Hij keek naar de jonge mensen om zich heen en vroeg zich af hoe lang hij het nog kon doen, hoe lang hij lichamelijk en geestelijk nog zoveel weerbaarheid bezat om de immense spanningen van zijn verschrikkelijk beroep te kunnen doorstaan.

De Cock kwam uit zijn fauteuil overeind en pakte een fles cognac Napoleon. Met zichtbaar welbehagen vulde hij daaruit diepbolle glazen en reikte die zijn gasten aan.
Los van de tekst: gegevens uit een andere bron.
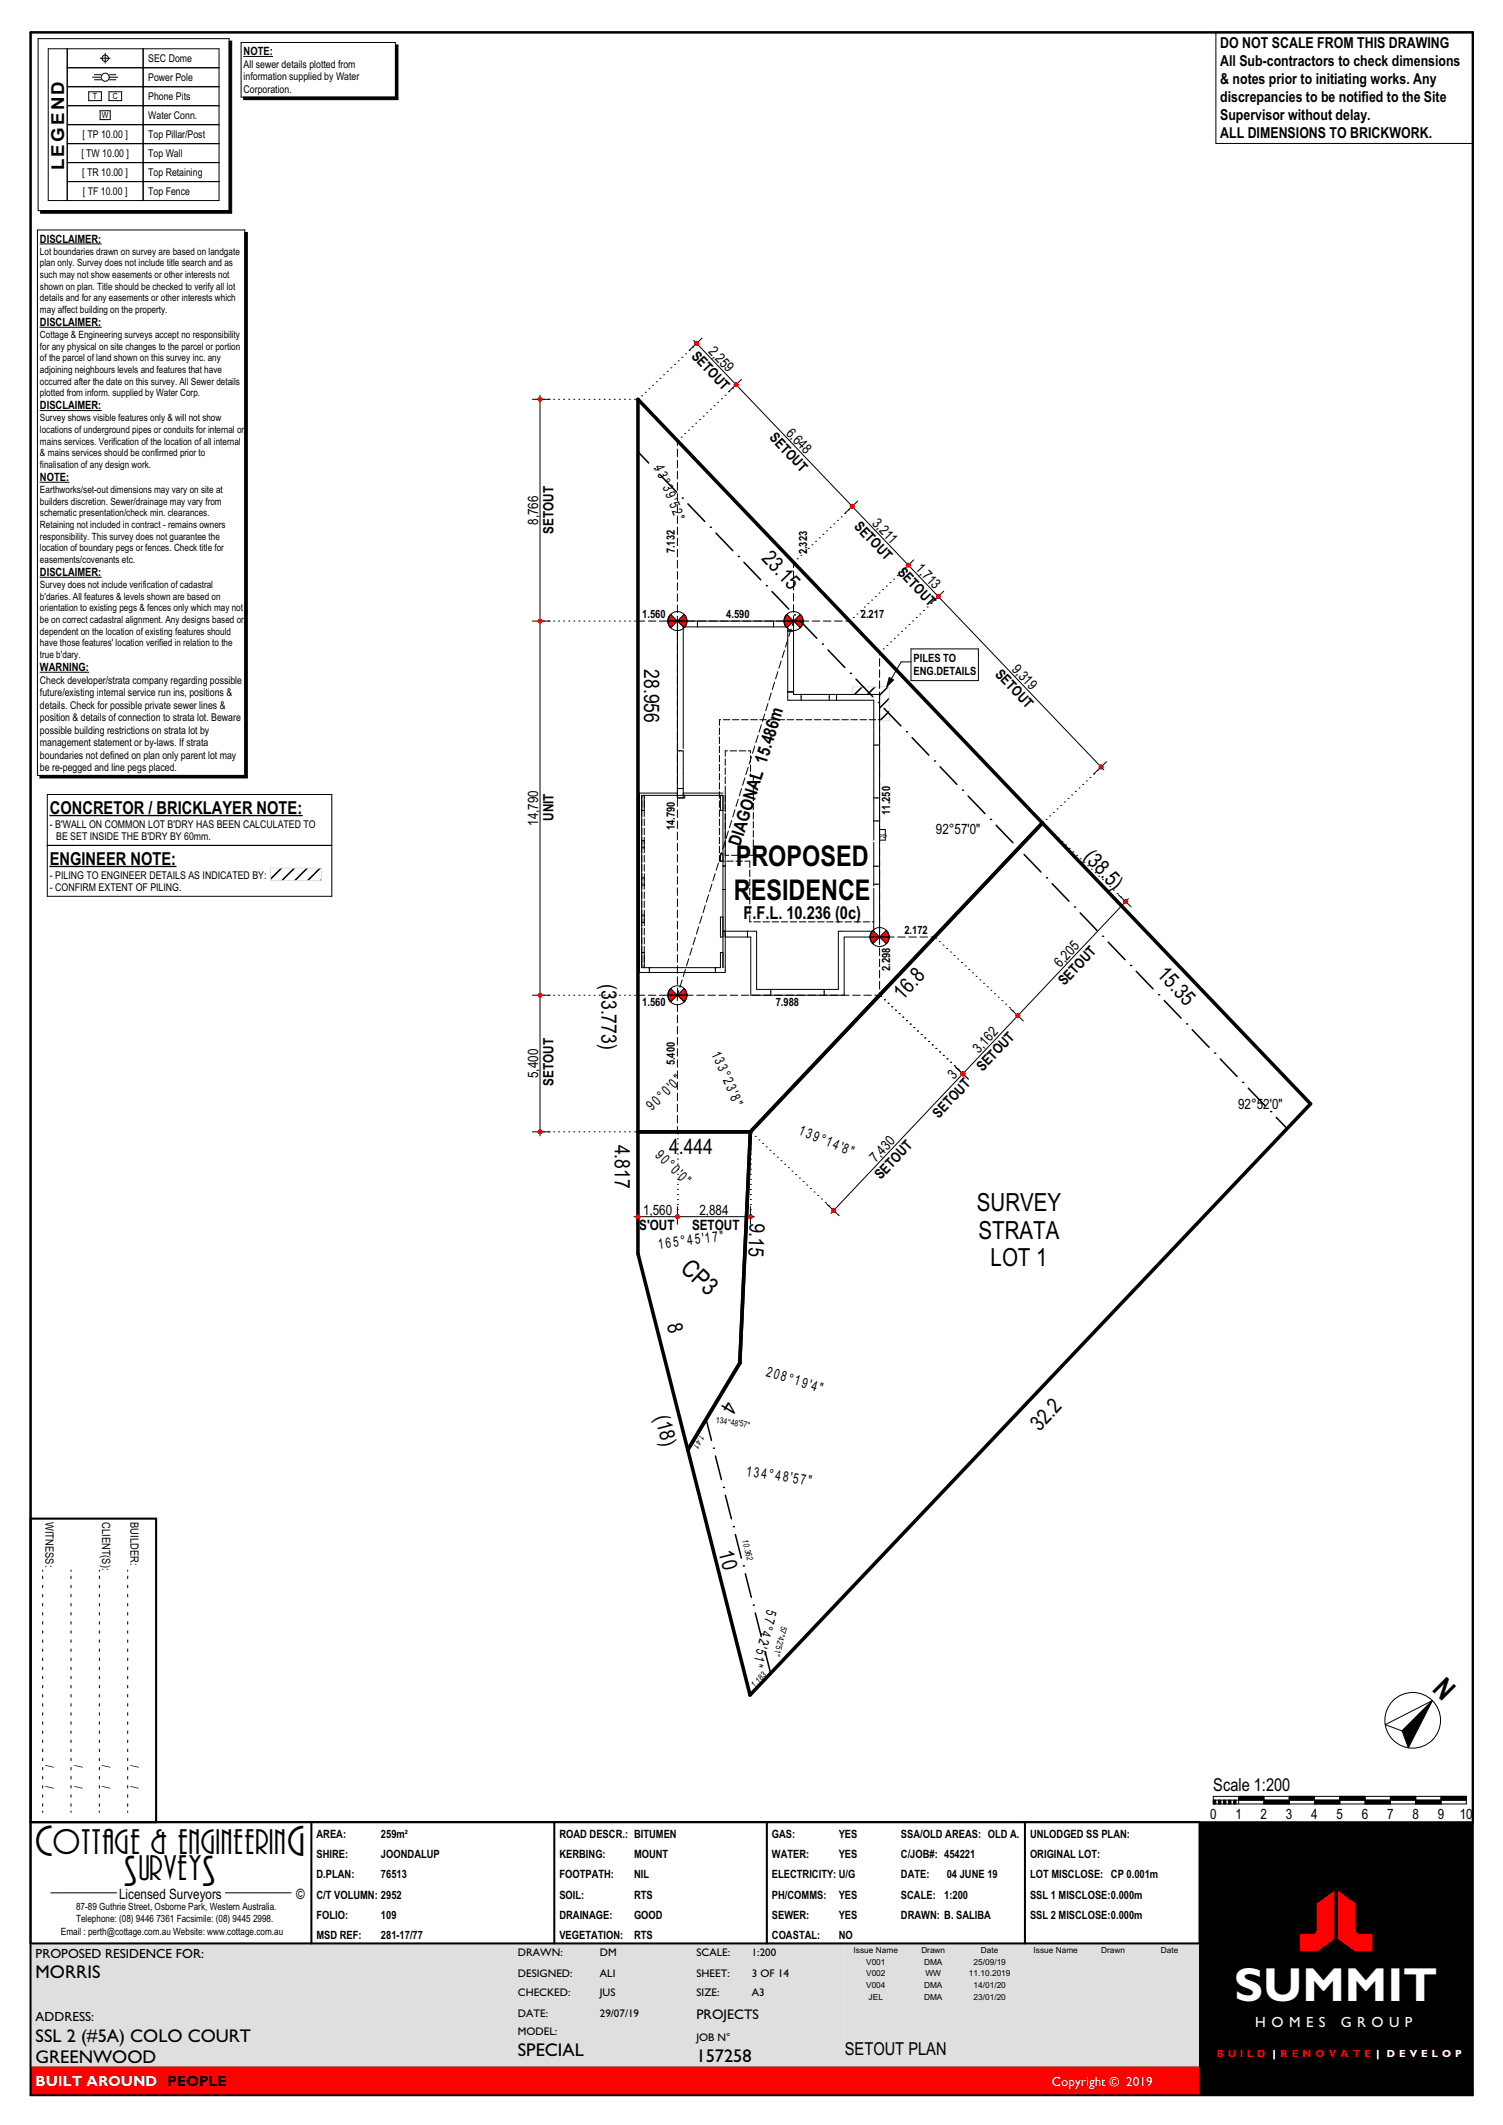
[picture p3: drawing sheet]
<svg xmlns="http://www.w3.org/2000/svg" width="297mm" height="420mm" viewBox="0 0 297 420" stroke-linecap="round" stroke-linejoin="round" font-family="sans-serif">
<path d="M167 384.1h70.1v18.6h-70.1z" fill-rule="evenodd" fill="#dfdfdf"/>
<!-- layer: O__TITLE -->
<path d="M6 408.4h231v5.7h-231z" fill-rule="evenodd" fill="#f00"/>
<path d="M6 384.1h160.9v18.6h70.1v5.7h-231z" fill-rule="evenodd" fill="#dfdfdf"/>
<path d="M237 360.1h54v54h-54z" fill-rule="evenodd" fill="#000"/>
<g fill="#f00">
<path d="M260.2 376.2l3.5-2.5v9.5l-3.4 2.5h-3.4v-3.5h2.6l.6-.3 .1-.4z" fill-rule="evenodd"/>
<path d="M264.4 373.7l3.5 2.5v5.3l.1 .4 .6 .3h2.6v3.5h-3.4l-3.4-2.5z" fill-rule="evenodd"/>
</g>
<g fill="none" stroke="#000" stroke-width=".2">
<path d="M240.3 6.4h50.7v22h-50.7zM6 300.1h24.8v60h-24.8zM8.4 310.3v.3M8.4 311.5v.5M8.4 313.3v.5M8.4 315.1v.5M8.4 316.9v.5M8.4 318.7v.5M14 310.3v.3M14 311.5v.5M14 313.3v.5M14 315.1v.5"/>
<path d="M14 316.9v.5M14 318.7v.5M19.6 310.3v.3M19.6 311.5v.5M19.6 313.3v.5M19.6 315.1v.5M19.6 316.9v.5M19.6 318.7v.5M25.2 310.3v.3M25.2 311.5v.5M25.2 313.3v.5M25.2 315.1v.5"/>
<path d="M25.2 316.9v.5M25.2 318.7v.5M8.4 320.5v.5M8.4 322.3v.5M8.4 324.1v.5M8.4 325.9v.5M8.4 327.7v.5M8.4 329.5v.5M8.4 331.3v.5M8.4 333.1v.5M8.4 334.9v.5M8.4 336.7v.5"/>
<path d="M8.4 338.5v.5M14 320.5v.5M14 322.3v.5M14 324.1v.5M14 325.9v.5M14 327.7v.5M14 329.5v.5M14 331.3v.5M14 333.1v.5M14 334.9v.5M14 336.7v.5M14 338.5v.5"/>
<path d="M19.6 320.5v.5M19.6 322.3v.5M19.6 324.1v.5M19.6 325.9v.5M19.6 327.7v.5M19.6 329.5v.5M19.6 331.3v.5M19.6 333.1v.5M19.6 334.9v.5M19.6 336.7v.5M19.6 338.5v.5M25.2 320.5v.5"/>
<path d="M25.2 322.3v.5M25.2 324.1v.5M25.2 325.9v.5M25.2 327.7v.5M25.2 329.5v.5M25.2 331.3v.5M25.2 333.1v.5M25.2 334.9v.5M25.2 336.7v.5M25.2 338.5v.5M8.4 340.3v.5M8.4 342.1v.5"/>
<path d="M8.4 343.9v.5M8.4 345.7v.5M8.4 347.5v.5M8.4 349.3v.5M8.4 351.1v.5M8.4 352.9v.5M8.4 354.7v.5M8.4 356.5v.5M8.4 358v.2M14 340.3v.5M14 342.1v.5M14 343.9v.5"/>
<path d="M14 345.7v.5M14 347.5v.5M14 349.3v.5M14 351.1v.5M14 352.9v.5M14 354.7v.5M14 356.5v.5M14 358v.2M19.6 340.3v.5M19.6 342.1v.5M19.6 343.9v.5M19.6 345.7v.5"/>
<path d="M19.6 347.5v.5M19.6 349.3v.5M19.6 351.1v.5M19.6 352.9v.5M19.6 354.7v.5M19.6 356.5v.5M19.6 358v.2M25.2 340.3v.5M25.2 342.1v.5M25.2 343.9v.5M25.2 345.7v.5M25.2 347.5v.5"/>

Mevrouw De Cock kwam uit de keuken met schalen vol lekkernijen. Ze was een culinair genie dat kon toveren met een oven, een grill en een magnetron. Ze zette de schalen neer, keek naar Vledder en gebaarde in de richting van haar man.

‘Hoe houd je het zo lang met hem uit?’

Vledder glimlachte.

‘Diezelfde vraag kan ik ook u stellen. Soms is hij ondoorgrondelijk. De eindfase van dit onderzoek heeft hij volkomen buiten mij om afgewikkeld.’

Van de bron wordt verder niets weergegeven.